Un homme qui semblait être un contremaître a dit : « Si vous la tuez, vous le paierez de votre vie, et nous irons aussi chez elle. Ne croyez pas que vous pouvez vous soustraire à vos responsabilités simplement parce que vous êtes le fils d'un fonctionnaire. Sachez que notre grand patron s'en prend systématiquement aux hauts fonctionnaires. »

Chen Xinyu dit à Zhao Qiang : « Bien que ce casino clandestin ne paraisse pas très important, il est lié à des activités très importantes. Sinon, compte tenu du statut de Zhou Wan et Qingqing, ils s'en seraient occupés depuis longtemps. »

On ne m'a pratiquement rien demandé en entrant dans le casino, ce qui montre que le propriétaire est très sûr de lui et qu'aucun policier n'oserait venir contrôler.

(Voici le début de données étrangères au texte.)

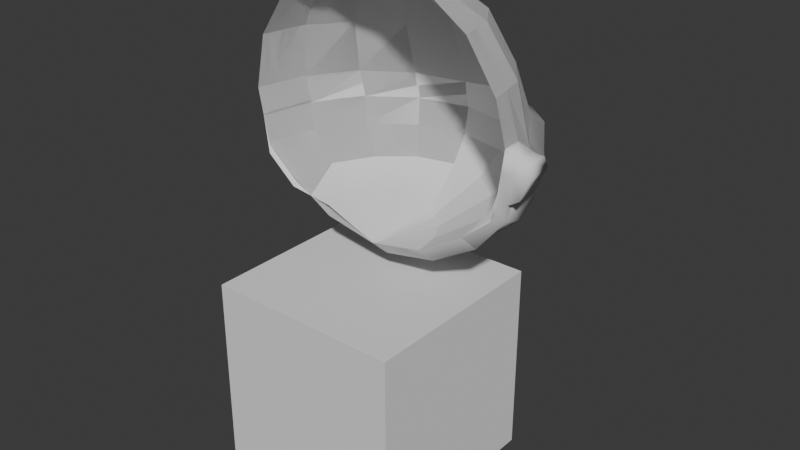 # Source: Otter.blend  (saved by Blender 4.4.32; exported with 4.5.12 LTS)
import bpy
from mathutils import Matrix  # noqa: F401  (used for matrix-valued properties, if any)

bpy.ops.wm.read_factory_settings(use_empty=True)
scene = bpy.context.scene
scene.name = 'Scene'

# ---- collections
col_collection = bpy.data.collections.new('Collection'); scene.collection.children.link(col_collection)
col_head = bpy.data.collections.new('Head'); scene.collection.children.link(col_head)

# ---- world
world_world = bpy.data.worlds.new('World'); scene.world = world_world
world_world.use_nodes = True; world_world.node_tree.nodes.clear()
_N = world_world.node_tree.nodes; _L = world_world.node_tree.links
n0 = _N.new('ShaderNodeOutputWorld'); n0.name = 'World Output'; n0.location = (300, 300)
n1 = _N.new('ShaderNodeBackground'); n1.name = 'Background'; n1.location = (10, 300)
n1.inputs[0].default_value = (0.05088, 0.05088, 0.05088, 1.0)
_L.new(n1.outputs[0], n0.inputs[0])
n0.is_active_output = True
world_world.color = (0.05088, 0.05088, 0.05088)
world_world.use_sun_shadow = False
world_world.sun_shadow_jitter_overblur = 0.0

# ---- meshes
me_sphere_001 = bpy.data.meshes.new('Sphere.001')
me_sphere_001.from_pydata([(8.882e-16, 0.8313, 0.3827), (-3.553e-15, 0.9743, -1.137e-13), (8.882e-16, 0.9811, -0.3827), (-2.22e-16, 0.4978, -0.6828), (0.1464, 0.3536, 0.9239), (0.2706, 0.6533, 0.7071), (0.3536, 0.768, 0.3827), (0.3827, 0.9001, 0.0617), (0.2706, 0.2706, 0.9239), (0.5, 0.5, 0.7071), (0.6533, 0.5878, 0.3827), (0.7071, 0.6889, 0.05307), (0.3536, 0.1464, 0.9239), (0.6533, 0.2706, 0.7071), (0.8536, 0.3181, 0.3827), (0.9239, 0.3729, -0.03949), (0.3827, -4.47e-08, 0.9239), (0.7071, -8.941e-08, 0.7071), (0.9239, -9.832e-08, 0.3827), (1.0, -1.427e-07, 0.1002), (0.9239, -1.321e-07, -0.3802), (0.7071, -1.185e-07, -0.5642), (0.3827, -7.043e-08, -0.7575), (0.0, 0.0, -0.8336), (0.0, 0.0, 1.0), (-0.3827, 1.788e-07, 0.9239), (-0.7071, 3.278e-07, 0.7071), (-0.9239, 3.308e-07, 0.3827), (-1.0, 4.961e-07, -1.137e-13), (-0.9239, 3.743e-07, -0.4574), (-0.7071, 3.905e-07, -0.6415), (-0.3827, 2.203e-07, -0.6828), (-0.3536, 0.1464, 0.9239), (-0.6533, 0.2706, 0.7071), (-0.8536, 0.3181, 0.3827), (-0.9239, 0.3729, -1.137e-13), (-0.8536, 0.3755, -0.3827), (-0.6533, 0.3301, -0.5668), (-0.3536, 0.1905, -0.6828), (-0.2706, 0.2706, 0.9239), (-0.5, 0.5, 0.7071), (-0.6533, 0.5878, 0.3827), (-0.7071, 0.6889, -1.137e-13), (-0.6533, 0.6938, -0.3827), (-0.5, 0.61, -0.5668), (-0.2706, 0.352, -0.6828), (-0.1464, 0.3536, 0.9239), (-0.2706, 0.6533, 0.7071), (-0.3536, 0.768, 0.3827), (-0.3827, 0.9001, -1.137e-13), (-0.3536, 0.9065, -0.3827), (-0.2706, 0.797, -0.5668), (-0.1464, 0.4599, -0.6828), (2.384e-07, 0.3827, 0.9239), (4.47e-07, 0.7071, 0.7071), (4.47e-07, 0.8626, -0.5668), (6.661e-16, 1.012, -0.1913), (0.9619, -1.455e-07, -0.266), (-0.9619, 4.481e-07, -0.1913), (-0.8887, 0.3873, -0.1913), (-0.6802, 0.7156, -0.1913), (-0.3681, 0.935, -0.1913), (0.5449, 0.7945, 0.07651), (0.5034, 0.6779, 0.3827), (0.3853, 0.5766, 0.7071), (0.2085, 0.3121, 0.9239), (0.9619, 0.1864, 0.0789), (0.8887, 0.1591, 0.3827), (0.6802, 0.1353, 0.7071), (0.3681, 0.07322, 0.9239), (0.3121, 0.2085, 0.9239), (0.8155, 0.5309, -0.06417), (0.7534, 0.453, 0.3827), (0.5766, 0.3853, 0.7071), (0.07447, 1.002, -0.2626), (0.07447, 0.9469, -0.454), (0.4426, 0.9253, -0.2626), (0.428, 0.8722, -0.454), (0.3451, 0.7406, -0.6381), (0.2209, 0.4672, -0.754), (0.4572, 0.9074, -0.009564), (0.07447, 0.9816, -0.07127), (0.07447, 0.5051, -0.754), (0.7547, 0.7569, -0.2626), (0.7278, 0.7105, -0.454), (0.5745, 0.6046, -0.6381), (0.3451, 0.4102, -0.754), (0.283, 0.4642, -0.754), (0.4598, 0.6981, -0.6381), (0.5779, 0.8168, -0.454), (0.6194, 0.8528, 0.005245), (0.7816, 0.7472, -0.0182), (0.9632, 0.4455, -0.2626), (0.928, 0.4337, -0.4024), (0.7278, 0.3883, -0.6381), (0.428, 0.2487, -0.754), (0.3865, 0.3295, -0.754), (0.6511, 0.4647, -0.6381), (0.8279, 0.5513, -0.454), (0.89, 0.5891, -0.1354), (1.036, 0.0003283, -0.2419), (0.9984, 0.05822, -0.3768), (0.7816, 0.05822, -0.6381), (0.4572, 0.05822, -0.754), (0.7547, 0.2233, -0.6381), (0.9632, 0.246, -0.454), (1.036, 0.1869, 0.04242), (0.9984, 0.4311, -0.1108), (0.4426, 0.1535, -0.754), (0.07447, 0.8063, -0.6381), (0.07447, 0.007251, -0.8302), (1.074, -0.0002781, 0.06679), (0.9998, 0.1982, -0.1406), (0.8589, 0.5928, -0.2626), (0.5986, 0.8666, -0.2626), (-1.443e-15, 0.9931, -0.09567), (0.981, -1.441e-07, -0.04556), (-0.981, 4.721e-07, -0.09567), (-0.9063, 0.3801, -0.09567), (-0.6936, 0.7023, -0.09567), (-0.3754, 0.9175, -0.09567), (0.07447, 1.0, -0.1669), (0.4499, 0.9248, -0.1361), (0.7681, 0.7605, -0.1404), (0.9808, 0.4383, -0.1867), (1.055, 0.0009386, -0.05173), (0.609, 0.8681, -0.1287), (1.018, 0.2546, -0.05975), (0.8744, 0.5994, -0.199), (1.158, 0.02353, -0.06646), (1.113, 0.002175, -0.1947), (1.095, 0.2207, -0.1553), (1.154, 0.02467, 0.04429), (1.131, 0.2095, 0.02357), (1.117, 0.2771, -0.06977)], [], [(1, 0, 6, 7), (54, 53, 4, 5), (0, 54, 5, 6), (53, 24, 4), (63, 64, 9, 10), (4, 24, 8, 65), (62, 63, 10, 11), (64, 65, 8, 9), (8, 24, 12, 70), (71, 72, 14, 15), (73, 70, 12, 13), (72, 73, 13, 14), (66, 67, 18, 19), (68, 69, 16, 17), (67, 68, 17, 18), (12, 24, 16, 69), (21, 22, 103, 102), (31, 30, 37, 38), (117, 28, 35, 118), (27, 26, 33, 34), (25, 24, 32), (23, 31, 38), (30, 29, 36, 37), (28, 27, 34, 35), (26, 25, 32, 33), (32, 24, 39), (23, 38, 45), (37, 36, 43, 44), (35, 34, 41, 42), (33, 32, 39, 40), (38, 37, 44, 45), (118, 35, 42, 119), (34, 33, 40, 41), (44, 43, 50, 51), (42, 41, 48, 49), (40, 39, 46, 47), (45, 44, 51, 52), (119, 42, 49, 120), (41, 40, 47, 48), (39, 24, 46), (23, 45, 52), (52, 51, 55, 3), (120, 49, 1, 115), (48, 47, 54, 0), (46, 24, 53), (23, 52, 3), (51, 50, 2, 55), (49, 48, 0, 1), (47, 46, 53, 54), (50, 61, 56, 2), (43, 60, 61, 50), (36, 59, 60, 43), (29, 58, 59, 36), (55, 2, 75, 109), (11, 71, 99, 91), (20, 21, 102, 101), (22, 23, 110, 103), (57, 20, 101, 100), (5, 4, 65, 64), (7, 6, 63, 62), (115, 1, 81, 121), (6, 5, 64, 63), (15, 66, 106, 107), (71, 15, 107, 99), (2, 56, 74, 75), (14, 13, 68, 67), (1, 7, 80, 81), (23, 3, 82, 110), (13, 12, 69, 68), (15, 14, 67, 66), (7, 62, 90, 80), (3, 55, 109, 82), (10, 9, 73, 72), (66, 19, 111, 106), (62, 11, 91, 90), (9, 8, 70, 73), (11, 10, 72, 71), (116, 57, 100, 125), (82, 109, 78, 79), (121, 81, 80, 122), (110, 82, 79), (109, 75, 77, 78), (87, 88, 85, 86), (126, 90, 91, 123), (110, 79, 87, 86), (88, 89, 84, 85), (110, 86, 96, 95), (97, 98, 93, 94), (96, 97, 94, 95), (128, 99, 107, 124), (104, 105, 101, 102), (108, 104, 102, 103), (100, 112, 131, 130), (110, 95, 108, 103), (105, 112, 100, 101), (98, 113, 92, 93), (89, 114, 83, 84), (75, 74, 76, 77), (77, 76, 114, 89), (78, 77, 89, 88), (122, 80, 90, 126), (79, 78, 88, 87), (93, 92, 112, 105), (124, 107, 106, 127), (95, 94, 104, 108), (94, 93, 105, 104), (84, 83, 113, 98), (123, 91, 99, 128), (86, 85, 97, 96), (85, 84, 98, 97), (83, 123, 128, 113), (92, 124, 127, 112), (76, 122, 126, 114), (106, 111, 132, 133), (113, 128, 124, 92), (114, 126, 123, 83), (74, 121, 122, 76), (19, 116, 125, 111), (56, 115, 121, 74), (61, 120, 115, 56), (60, 119, 120, 61), (59, 118, 119, 60), (58, 117, 118, 59), (134, 133, 132, 129), (131, 134, 129, 130), (127, 106, 133, 134), (125, 100, 130, 129), (111, 125, 129, 132), (112, 127, 134, 131)])
me_sphere_001.polygons.foreach_set('use_smooth', [True] * 129)
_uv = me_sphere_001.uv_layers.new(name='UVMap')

Li Qingqing pressa violemment le couteau contre le cou de Zhou Wan : « Je me fiche de ce que vous faites, écartez-vous immédiatement, sinon je la tuerai vraiment et il y aura un meurtre ici, et aucun de vous n'échappera à sa responsabilité. »

Zhao Qiang craignait vraiment qu'une folle comme Li Qingqing ne fasse une bêtise. Il repoussa les gardes de sécurité du casino qui se tenaient devant lui et cria

: «

Posez le couteau

! Laissez-moi m'en occuper

!

»

En apercevant Zhao Qiang, Li Qingqing vit également Chen Xinyu. Elle poussa un soupir de soulagement. Sans sa vivacité d'esprit qui lui avait permis de les menacer de mort, elle aurait probablement déjà été déshabillée et violée en réunion. Bien qu'elle n'eût pas peur, la simple pensée d'être souillée par des individus qu'elle n'appréciait pas suscitait encore du ressentiment chez Li Qingqing et Zhou Wan.